There are many considerations on how to make the move from Project Orientation to Release Orientation. Probably more than any other, the key is a belief in moving your organization’s mindset to the new of way of thinking and recognizing that the value of the old project container has vanished in an agile delivery model.
Specifically, let’s talk about five key considerations to make the move to Release Orientation.
- Portfolio management – It’s really important when doing agile at scale to have a lean way of getting a view of the entire portfolio of initiatives. We need to be able to cheaply get an accurate view into every release going on. We need to have a clear view of where we are investing – and one of the keys to Release Orientation is to start talking about investments in terms of # of teams rather than number of people. Getting less granular in your investment currency makes the investment decisions move faster. For Release Orientation to really work, you need to know the metrics that impact customers (rather than focus on projects) associated with customer experience, defects, etc. We can rejigger those investment decisions based on what’s happening to the customer based on the release. You need to get into one picture the spend on business vs. architecture intent. We also need to avoid metrics explosion. Pick only those metrics that truly give you a picture of what’s important across the portfolio and think hard about the potential nasty side effects of some metrics. For example – we have seen a metric like “% of first pass tests that have passed”. What’s wrong with that metric? What’s the potential bad side effect? We will have developers stop delivering code early because they don’t want this metric to blow up. We should really be measuring defects that got into production – where quality really matters.
- Organizational Structure – Release Orientation forces you to become organized around flow and especially to achieve results in the DevOps area. Most organizations we have seen cannot be disciplined enough to invest in the continuous improvements needed in the early days of moving towards Release Orientation. Therefore, you most likely will need to create a dedicated continuous improvement team to build the bridge, lay the track, and help the delivery engine move faster, better, and stronger
- Release Roadmaps – One of the keys to transform to Release Orientation is to create lean release roadmaps that provide the right time granularity based on the time horizon – 12 month roadmaps or 3 month roadmaps. We can use 12-month roadmaps to help get broader organizational buy-in to initiatives across the enterprise or within a value stream. These are really just boxes put in the rough start and end timelines for any particular initiative – no more precision and definitely not a commitment. We can use 3-month roadmaps to provide a theme or story granularity of the expected delivery over the coming 3-6 sprints – again, not a commitment, but we have a higher level of confidence in this roadmap because we have gotten really good at story estimation when the time horizon is less than 3 months.

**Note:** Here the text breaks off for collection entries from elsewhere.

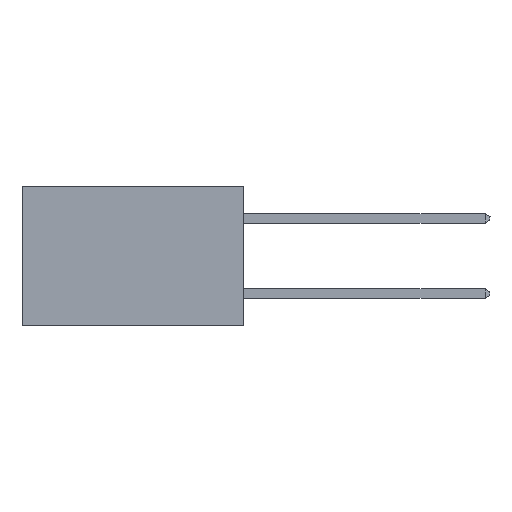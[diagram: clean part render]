
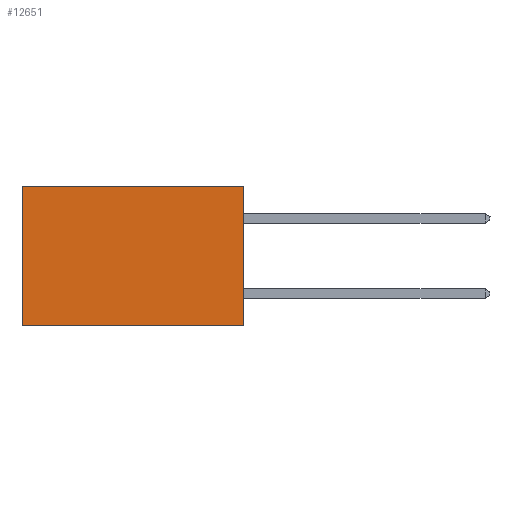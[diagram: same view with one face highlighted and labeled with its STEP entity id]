
A CAD part, left-side view. The second image highlights one B-rep face of the part: STEP entity #12651.
In plain terms, the highlighted planar face has unit normal (-1, 0, 0).
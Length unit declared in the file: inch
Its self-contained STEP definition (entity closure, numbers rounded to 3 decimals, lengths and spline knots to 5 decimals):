
#121 = VERTEX_POINT ( 'NONE', #4408 ) ;
#413 = LINE ( 'NONE', #1261, #7992 ) ;
#588 = CARTESIAN_POINT ( 'NONE',  ( 0.277, 0.59, -0.37 ) ) ;
#641 = CARTESIAN_POINT ( 'NONE',  ( 0.277, 0., -0.37 ) ) ;
#1136 = CARTESIAN_POINT ( 'NONE',  ( 0.277, 0., 0. ) ) ;
#1261 = CARTESIAN_POINT ( 'NONE',  ( 0.277, 0., -0.37 ) ) ;
#1402 = PLANE ( 'NONE',  #4136 ) ;
#2019 = VECTOR ( 'NONE', #10902, 39.37008 ) ;
#2558 = EDGE_CURVE ( 'NONE', #8640, #6250, #5430, .T. ) ;
#2584 = VERTEX_POINT ( 'NONE', #10808 ) ;
#3403 = ORIENTED_EDGE ( 'NONE', *, *, #12127, .T. ) ;
#3412 = DIRECTION ( 'NONE',  ( 1., 0., 0. ) ) ;
#4136 = AXIS2_PLACEMENT_3D ( 'NONE', #9654, #3412, #10673 ) ;
#4408 = CARTESIAN_POINT ( 'NONE',  ( 0.277, 0.59, 0. ) ) ;
#4541 = ORIENTED_EDGE ( 'NONE', *, *, #10246, .T. ) ;
#5396 = CARTESIAN_POINT ( 'NONE',  ( 0.277, 0., -0.37 ) ) ;
#5430 = LINE ( 'NONE', #5396, #8211 ) ;
#5576 = DIRECTION ( 'NONE',  ( 0., 1., 0. ) ) ;
#6250 = VERTEX_POINT ( 'NONE', #641 ) ;
#6359 = ORIENTED_EDGE ( 'NONE', *, *, #10726, .F. ) ;
#6680 = ORIENTED_EDGE ( 'NONE', *, *, #2558, .F. ) ;
#7402 = DIRECTION ( 'NONE',  ( 0., 1., 0. ) ) ;
#7992 = VECTOR ( 'NONE', #7402, 39.37008 ) ;
#8009 = LINE ( 'NONE', #9749, #10441 ) ;
#8211 = VECTOR ( 'NONE', #8912, 39.37008 ) ;
#8640 = VERTEX_POINT ( 'NONE', #1136 ) ;
#8912 = DIRECTION ( 'NONE',  ( 0., 0., -1. ) ) ;
#9593 = FACE_OUTER_BOUND ( 'NONE', #11273, .T. ) ;
#9654 = CARTESIAN_POINT ( 'NONE',  ( 0.277, 0., -0.37 ) ) ;
#9749 = CARTESIAN_POINT ( 'NONE',  ( 0.277, 0., 0. ) ) ;
#10246 = EDGE_CURVE ( 'NONE', #8640, #121, #8009, .T. ) ;
#10251 = LINE ( 'NONE', #588, #2019 ) ;
#10441 = VECTOR ( 'NONE', #5576, 39.37008 ) ;
#10673 = DIRECTION ( 'NONE',  ( 0., 0., -1. ) ) ;
#10726 = EDGE_CURVE ( 'NONE', #6250, #2584, #413, .T. ) ;
#10808 = CARTESIAN_POINT ( 'NONE',  ( 0.277, 0.59, -0.37 ) ) ;
#10902 = DIRECTION ( 'NONE',  ( 0., 0., -1. ) ) ;
#11273 = EDGE_LOOP ( 'NONE', ( #3403, #6359, #6680, #4541 ) ) ;
#12127 = EDGE_CURVE ( 'NONE', #121, #2584, #10251, .T. ) ;
#12651 = ADVANCED_FACE ( 'NONE', ( #9593 ), #1402, .F. ) ;

- Configuration Management and Branching – To truly be Release Oriented, you need to get to a Configuration management / branching strategy that is simple. Everyone in the delivery stream works on the same release branch which allows for continuous integration across the release stream and minimizes the need and cost of merges
- Environments Management – You need environments that allow for rapid feedback and flow towards a release going out the door. You need to create enough environments so that teams can work independently on getting their stories turned into solutions locally and then promote those solutions into environments that are used by a broader and broader set of the organization. You need environments that can be created, torn down, and re-created via self-serve which points towards high virtualization of environments.
If you can get working on these five considerations of Release Orientation, you will be well on your way to becoming a Release Orientated, value-focused organization.